Ночью Инка спала и во сне блуждала по квартире. Она снова затерялась где-то на окраине города, в сумрачных, тенистых дворах, где развороченные скамейки и выкопанные траншеи вдоль тротуаров напоминают остатки доисторических алтарей. Одетая не по сезону, в желтом сарафанчике, она дрожала и обнимала плечи руками, но от леденящего ветра даже кости и те покрылись гусиной кожей. Устав бродить, она присела на бетонный низенький забор у какой-то школы и призналась себе, что ищет Уаскаро уже из упрямства, просто хочет найти его, все остальное не так важно – найти, вот главное, а что спросить, она сообразит на месте, нужно обязательно найти, не мог же он утонуть в Океане Людском. Кто-то подобрался к Инке сзади и проорал на ухо: «Сиреневый туман над нами проплывает».

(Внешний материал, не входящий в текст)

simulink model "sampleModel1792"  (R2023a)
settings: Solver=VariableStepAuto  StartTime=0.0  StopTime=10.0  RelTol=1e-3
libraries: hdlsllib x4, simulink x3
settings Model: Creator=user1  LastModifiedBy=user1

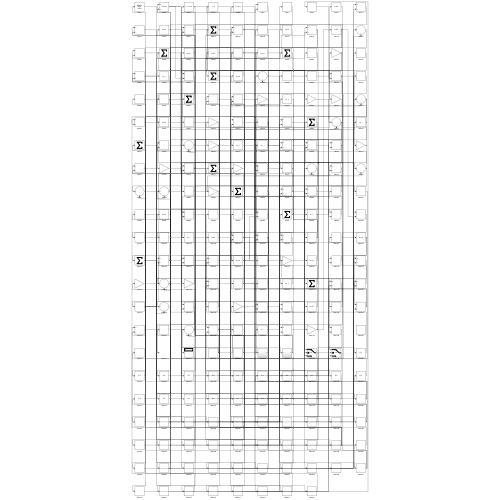
[thumbnail: Simulink's stored preview of the top-level diagram]
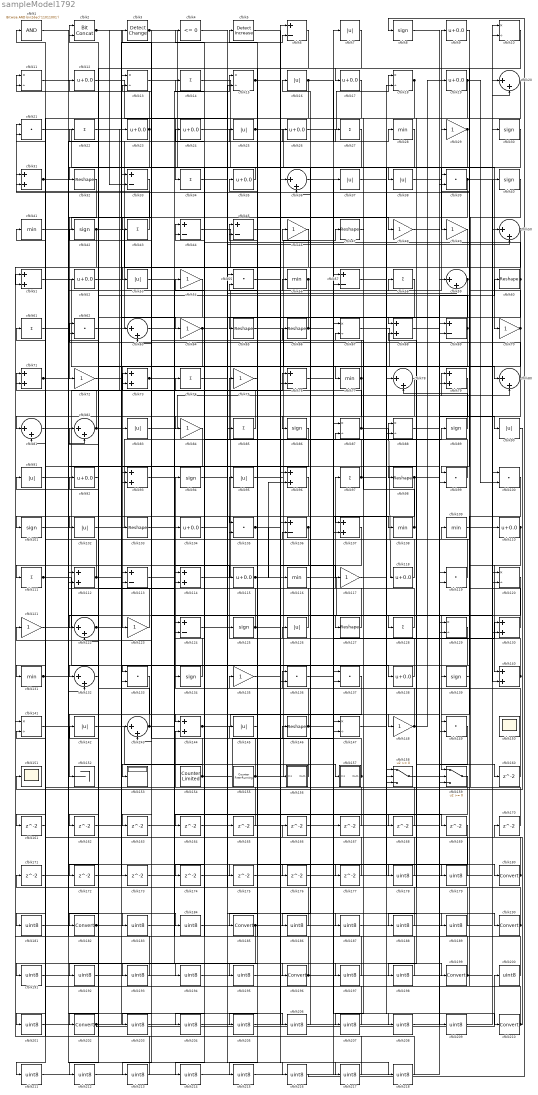
== system sampleModel1792 ==
  cfblk1 : simulink/Logic and Bit Operations/Bitwise Operator  logicop=AND  UseBitMask=on  BitMask=bin2dec('11011001')  BitMaskRealWorld=Stored Integer
      settings: LibrarySourceBlock=|
      | hdlsllib/Logic and Bit
      | Operations/Bitwise
      | Operator
  cfblk{10..11,13,15,18,67,87..88,120,129,141,147} (12 alike) : Product  Inputs=*/  RndMeth=Zero  SaturateOnIntegerOverflow=on
  cfblk{21,39,55,62,99..100,105,119,133,136..137,149} (12 alike) : DotProduct  OutDataTypeStr=Inherit: Inherit via internal rule
  cfblk{8,30,40,42,86,89,94,101,125,134,139} (11 alike) : Signum
  cfblk{7,16,25,37..38,53,83,90..91,95,102,126,142,145} (14 alike) : Abs  SaturateOnIntegerOverflow=off
  cfblk{32,47,60,65..66,98,103,127,146} (9 alike) : Reshape
  cfblk{9,12,17,19,23..24,26,35,52,92,104,110,115,118,138} (15 alike) : Bias  Bias=0.0  SaturateOnIntegerOverflow=off
  cfblk{6,33,44..45,57,69,76,106,113,124} (10 alike) : Sum  Inputs=+-
  cfblk{31,51,68,71,73,79,93,96,107,112,114,130,140,144} (14 alike) : Sum
  cfblk{28,41,56,77,108..109,116,131} (8 alike) : MinMax
  cfblk{14,22,27,34,43,58,61,74,85,97,111,128} (12 alike) : Sum  Inputs=+
  cfblk{29,46,48..49,54,64,70,72,75,84,117,121,123,135,148} (15 alike) : Gain
  cfblk{20,36,50,59,63,78,80..82,122,132,143} (12 alike) : Sum  Inputs=|++
  cfblk150 : Scope
      settings: Floating=on
  cfblk151 : Scope
  cfblk152 : Terminator
  cfblk153 : Display
  cfblk154 : hdlsllib/Sources/Counter Limited  uplimit=7  tsamp=-1
  cfblk155 : hdlsllib/Sources/Counter Free-Running  NumBits=16  tsamp=-1
  cfblk156 : Subsystem
      settings: LibrarySourceBlock=|
      | hdlsllib/Ports &
      | Subsystems/Subsystem
  cfblk157 : Subsystem
      settings: LibrarySourceBlock=|
      | hdlsllib/Ports &
      | Subsystems/Subsystem
  cfblk158 : Switch  SaturateOnIntegerOverflow=off  InputSameDT=off
  cfblk159 : Switch  SaturateOnIntegerOverflow=off  InputSameDT=off
  cfblk{160..177} (18 alike) : Delay  SampleTime=1
  cfblk{178..179,181,183..184,186..189,191..195,197..198,200..201,203..209,211..218} (33 alike) : DataTypeConversion  OutDataTypeStr=uint8  SaturateOnIntegerOverflow=off  RndMeth=Floor
  cfblk{180,182,185,190,196,199,202,210} (8 alike) : DataTypeConversion  SaturateOnIntegerOverflow=off  RndMeth=Floor
  cfblk2 : hdlsllib/Logic and Bit Operations/Bit Concat  numInputs=2
  cfblk3 : simulink/Logic and Bit Operations/Detect Change  vinit=0  OutDataTypeStr=boolean
      settings: LibrarySourceBlock=|
      | hdlsllib/Logic and Bit
      | Operations/Detect
      | Change
  cfblk4 : hdlsllib/Logic and Bit Operations/Compare To Zero  relop=<=  OutDataTypeStr=boolean
  cfblk5 : simulink/Logic and Bit Operations/Detect Increase  vinit=0.0  OutDataTypeStr=boolean
      settings: LibrarySourceBlock=|
      | hdlsllib/Logic and Bit
      | Operations/Detect
      | Increase
  wires:
  cfblk155/1 -> cfblk89/1, cfblk11/2
  cfblk32/1 -> cfblk72/1
  cfblk69/1 -> cfblk123/1, cfblk122/1, cfblk12/1
  cfblk121/1 -> cfblk23/1
  cfblk35/1 -> cfblk32/1
  cfblk64/1 -> cfblk83/1, cfblk59/2
  cfblk71/1 -> cfblk127/1, cfblk201/1
  cfblk26/1 -> cfblk18/1
  cfblk139/1 -> cfblk17/1
  cfblk40/1 -> cfblk146/1
  cfblk22/1 -> cfblk64/1
  cfblk133/1 -> cfblk152/1
  cfblk144/1 -> cfblk148/1, cfblk50/2
  cfblk88/1 -> cfblk90/1
  cfblk87/1 -> cfblk118/1, cfblk3/1
  cfblk80/1 -> cfblk62/1, cfblk211/1
  cfblk85/1 -> cfblk74/1
  cfblk17/1 -> cfblk102/1
  cfblk75/1 -> cfblk35/1
  cfblk18/1 -> cfblk34/1, cfblk111/1
  cfblk118/1 -> cfblk92/1
  cfblk90/1 -> cfblk151/1
  cfblk116/1 -> cfblk159/1
  cfblk157/1(Out1) -> cfblk71/1, cfblk66/1
  cfblk15/1 -> cfblk138/1, cfblk117/1
  cfblk117/1 -> cfblk78/1
  cfblk134/1 -> cfblk94/1
  cfblk37/1 -> cfblk180/1
  cfblk146/1 -> cfblk136/1, cfblk130/1, cfblk176/1
  cfblk102/1 -> cfblk88/1
  cfblk51/1 -> cfblk103/1
  cfblk114/1 -> cfblk9/1
  cfblk112/1 -> cfblk41/1, cfblk25/1
  cfblk95/1 -> cfblk47/1
  cfblk135/1 -> cfblk28/1
  cfblk81/1 -> cfblk76/1
  cfblk59/1 -> cfblk133/1, cfblk198/1
  cfblk29/1 -> cfblk144/1, cfblk194/1
  cfblk73/1 -> cfblk15/1, cfblk115/1
  cfblk96/1 -> cfblk101/1
  cfblk23/1 -> cfblk11/1, cfblk93/2
  cfblk147/1 -> cfblk210/1
  cfblk63/1 -> cfblk104/1
  cfblk57/1 -> cfblk190/1
  cfblk143/1 -> cfblk91/1, cfblk26/1
  cfblk14/1 -> cfblk49/1
  cfblk21/1 -> cfblk158/1
  cfblk56/1 -> cfblk93/1, cfblk84/1
  cfblk27/1 -> cfblk52/1
  cfblk131/1 -> cfblk114/2, cfblk56/1, cfblk27/1, cfblk179/1
  cfblk25/1 -> cfblk76/2, cfblk107/2
  cfblk154/1 -> cfblk87/1, cfblk42/1, cfblk153/1
  cfblk89/1 -> cfblk78/2
  cfblk3/1 -> cfblk88/2, cfblk43/1
  cfblk113/1 -> cfblk199/1
  cfblk138/1 -> cfblk95/1
  cfblk43/1 -> cfblk21/1
  cfblk92/1 -> cfblk22/1
  cfblk62/1 -> cfblk7/1
  cfblk105/1 -> cfblk79/1, cfblk116/1
  cfblk1/1 -> cfblk82/2
  cfblk50/1 -> cfblk81/1, cfblk128/1
  cfblk110/1 -> cfblk140/1, cfblk139/1
  cfblk16/1 -> cfblk108/1, cfblk63/2
  cfblk60/1 -> cfblk4/1, cfblk122/2
  cfblk65/1 -> cfblk110/1
  cfblk48/1 -> cfblk119/2
  cfblk123/1 -> cfblk2/1
  cfblk128/1 -> cfblk97/1
  cfblk145/1 -> cfblk185/1
  cfblk124/1 -> cfblk196/1
  cfblk106/1 -> cfblk133/2, cfblk161/1
  cfblk125/1 -> cfblk2/2, cfblk58/1, cfblk218/1
  cfblk142/1 -> cfblk157/1(In1)
  cfblk74/1 -> cfblk125/1
  cfblk19/1 -> cfblk98/1, cfblk100/2, cfblk172/1
  cfblk38/1 -> cfblk29/1
  cfblk99/1 -> cfblk54/1
  cfblk7/1 -> cfblk53/1
  cfblk67/1 -> cfblk79/2
  cfblk130/1 -> cfblk39/1
  cfblk34/1 -> cfblk69/2
  cfblk98/1 -> cfblk60/1, cfblk164/1
  cfblk137/1 -> cfblk182/1
  cfblk97/1 -> cfblk75/1, cfblk149/2
  cfblk109/1 -> cfblk140/2
  cfblk84/1 -> cfblk132/1
  cfblk108/1 -> cfblk67/2, cfblk87/2
  cfblk30/1 -> cfblk86/1
  cfblk42/1 -> cfblk51/2, cfblk96/1
  cfblk39/1 -> cfblk100/1, cfblk195/1
  cfblk49/1 -> cfblk131/1
  cfblk12/1 -> cfblk85/1
  cfblk126/1 -> cfblk45/1
  cfblk45/1 -> cfblk136/2
  cfblk41/1 -> cfblk48/1
  cfblk148/1 -> cfblk114/1, cfblk19/1
  cfblk24/1 -> cfblk70/1
  cfblk66/1 -> cfblk68/1, cfblk65/1, cfblk130/2
  cfblk52/1 -> cfblk80/1
  cfblk79/1 -> cfblk158/2
  cfblk6/1 -> cfblk105/1
  cfblk122/1 -> cfblk63/1, cfblk212/1
  cfblk8/1 -> cfblk39/2
  cfblk70/1 -> cfblk31/1, cfblk143/2
  cfblk111/1 -> cfblk158/3, cfblk175/1
  cfblk44/1 -> cfblk156/1(In1)
  cfblk9/1 -> cfblk99/1
  cfblk93/1 -> cfblk134/1
  cfblk119/1 -> cfblk44/1
  cfblk13/1 -> cfblk59/1
  cfblk10/1 -> cfblk202/1
  cfblk82/1 -> cfblk6/2, cfblk31/2
  cfblk100/1 -> cfblk149/1
  cfblk156/1(Out1) -> cfblk121/1
  cfblk115/1 -> cfblk36/1, cfblk96/2
  cfblk47/1 -> cfblk77/1
  cfblk2/1 -> cfblk33/1, cfblk33/2, cfblk38/1
  cfblk31/1 -> cfblk132/2, cfblk99/2
  cfblk127/1 -> cfblk73/1
  cfblk83/1 -> cfblk80/2
  cfblk77/1 -> cfblk13/2, cfblk204/1
  cfblk140/1 -> cfblk36/2, cfblk45/2
  cfblk58/1 -> cfblk107/1
  cfblk158/1 -> cfblk160/1
  cfblk160/1 -> cfblk105/2
  cfblk161/1 -> cfblk71/2
  cfblk33/1 -> cfblk162/1
  cfblk162/1 -> cfblk13/1
  cfblk54/1 -> cfblk163/1
  cfblk163/1 -> cfblk69/1
  cfblk164/1 -> cfblk15/2
  cfblk4/1 -> cfblk165/1
  cfblk165/1 -> cfblk82/1
  cfblk166/1 -> cfblk119/1
  cfblk76/1 -> cfblk167/1
  cfblk167/1 -> cfblk1/1
  cfblk103/1 -> cfblk168/1
  cfblk168/1 -> cfblk144/2
  cfblk36/1 -> cfblk169/1
  cfblk170/1 -> cfblk44/2
  cfblk171/1 -> cfblk112/2
  cfblk172/1 -> cfblk73/2
  cfblk72/1 -> cfblk173/1
  cfblk173/1 -> cfblk50/1
  cfblk107/1 -> cfblk174/1
  cfblk174/1 -> cfblk18/2
  cfblk175/1 -> cfblk159/3
  cfblk176/1 -> cfblk159/2
  cfblk53/1 -> cfblk177/1
  cfblk177/1 -> cfblk6/1
  cfblk5/1 -> cfblk178/1
  cfblk178/1 -> cfblk16/1
  cfblk179/1 -> cfblk5/1
  cfblk180/1 -> cfblk166/1, cfblk81/2
  cfblk86/1 -> cfblk181/1
  cfblk181/1 -> cfblk37/1
  cfblk182/1 -> cfblk143/1, cfblk67/1
  cfblk101/1 -> cfblk183/1
  cfblk183/1 -> cfblk137/1
  cfblk11/1 -> cfblk184/1
  cfblk184/1 -> cfblk137/2
  cfblk185/1 -> cfblk40/1, cfblk191/1
  cfblk28/1 -> cfblk186/1
  cfblk186/1 -> cfblk145/1
  cfblk55/1 -> cfblk187/1
  cfblk187/1 -> cfblk30/1
  cfblk149/1 -> cfblk188/1
  cfblk188/1 -> cfblk55/1
  cfblk94/1 -> cfblk189/1
  cfblk189/1 -> cfblk55/2
  cfblk190/1 -> cfblk68/2, cfblk61/1
  cfblk191/1 -> cfblk57/1
  cfblk132/1 -> cfblk192/1
  cfblk192/1 -> cfblk57/2
  cfblk120/1 -> cfblk193/1
  cfblk193/1 -> cfblk51/1
  cfblk194/1 -> cfblk120/1
  cfblk195/1 -> cfblk120/2
  cfblk196/1 -> cfblk112/1, cfblk21/2
  cfblk61/1 -> cfblk197/1
  cfblk197/1 -> cfblk124/1
  cfblk198/1 -> cfblk124/2
  cfblk199/1 -> cfblk24/1, cfblk14/1, cfblk135/1, cfblk126/1
  cfblk200/1 -> cfblk113/1
  cfblk201/1 -> cfblk113/2
  cfblk202/1 -> cfblk200/1, cfblk62/2
  cfblk78/1 -> cfblk203/1
  cfblk203/1 -> cfblk10/1
  cfblk204/1 -> cfblk10/2
  cfblk46/1 -> cfblk205/1
  cfblk205/1 -> cfblk106/1
  cfblk91/1 -> cfblk206/1
  cfblk206/1 -> cfblk46/1
  cfblk20/1 -> cfblk207/1
  cfblk207/1 -> cfblk106/2
  cfblk136/1 -> cfblk208/1
  cfblk208/1 -> cfblk20/1
  cfblk68/1 -> cfblk209/1
  cfblk209/1 -> cfblk20/2
  cfblk210/1 -> cfblk171/1, cfblk170/1, cfblk109/1
  cfblk211/1 -> cfblk147/1
  cfblk212/1 -> cfblk147/2
  cfblk129/1 -> cfblk213/1
  cfblk213/1 -> cfblk142/1
  cfblk159/1 -> cfblk214/1
  cfblk214/1 -> cfblk129/1
  cfblk169/1 -> cfblk215/1
  cfblk215/1 -> cfblk129/2
  cfblk141/1 -> cfblk216/1
  cfblk216/1 -> cfblk8/1
  cfblk104/1 -> cfblk217/1
  cfblk217/1 -> cfblk141/1
  cfblk218/1 -> cfblk141/2

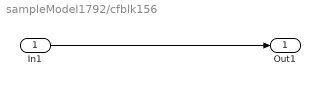
== system sampleModel1792/cfblk156 ==
  In1 : Inport
  Out1 : Outport
  wires:
  In1/1 -> Out1/1

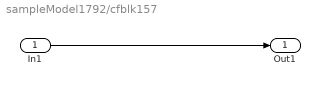
== system sampleModel1792/cfblk157 ==
  In1 : Inport
  Out1 : Outport
  wires:
  In1/1 -> Out1/1

Она обернулась и с удивлением узнала давешнего Огнеопасного деда, вот уж не ожидала повстречать его снова, да еще в таком неожиданном месте. Дед прилично заправился – он показывал ей полупустую бутылку и хвастал:
– Это… гм… огонь… только он спит. Спииить, понимаяшь. Сейчас он потекет внутрь и тама проснется, и будет дед – снова Человек.
Ветер клонил его как былинку из стороны в сторону, да и не надо ветру особенно утруждаться – любой легенький пинок сможет довершить дело: уложит заряженного деда спать прямо на землю. Зато дед кутается в старый, но очень толстый и пушистый, завидный плед, и ему, в отличие от Инки, тепло и очень радостно. Дед крякнул и, прежде чем удалиться, хитренькими смытыми глазами указал вдаль. Инка повернула голову туда, где за небольшой аллейкой заслонял горизонт огромный дом, похожий на ржавый нож из раскопок доисторических поселений. Дед кивнул и буркнул:
– А че ж, ты меня и давеча на улице не признала, и сейчас. Туда тебе, туда тридцать третья квартира, тама Аскар живет. А мы ведь с ним друзья-приятели, я и деда его знал, – тут он счел, что выболтал лишнего, оборвал хриплые речи как шерстяную нитку и побрел прочь, выписывая ногами зигзаги вдоль быстро забывающейся улочки, что пролегла меж гаражей и лип.
Инка соскользнула с забора, скорей, скорей к дому, бежала, задыхаясь, мимо черных колонн лип, торжественно и обреченно признавая на бегу: «Нет отдыха ни во сне, ни наяву. Еще пара таких деньков – сотрусь с лица земли, вымру, как редкая этническая разновидность».
От холода она дрожала, ее нижняя челюсть отбивала ритуальный костяной стук. Инка закинула на бегу голову, прищурившись, уперлась взглядом в завесу облаков, которые не пускали ее любопытство двигаться дальше, отбрасывая назад, как охранники ночного клуба, мол, катись-ка отсюда подобру-поздорову, пока цела. Но Инка вспомнила очевидное, облака лишь холодный пар, а за ним, как за старой занавеской, в нежно-голубом и безбрежном просторе, окутанное бело-розовой дымкой, плывет Солнце. Оно, наверное, сейчас вон там, а может быть, и правее, разлучено с Землей, поймано в западню облаков. То, что его не видно, ничего не значит, оно здесь, с Инкой, а тучи – это так, импровизация, не стоит принимать их всерьез. Уаскаро тоже где-то есть и надо его обязательно отыскать.
Женщина-голос у подъезда подтвердила слова Огнеопасного деда:
– Живет здесь перуанец один, с копной кос на голове, я знаю, я мою у него полы, пойдем, провожу.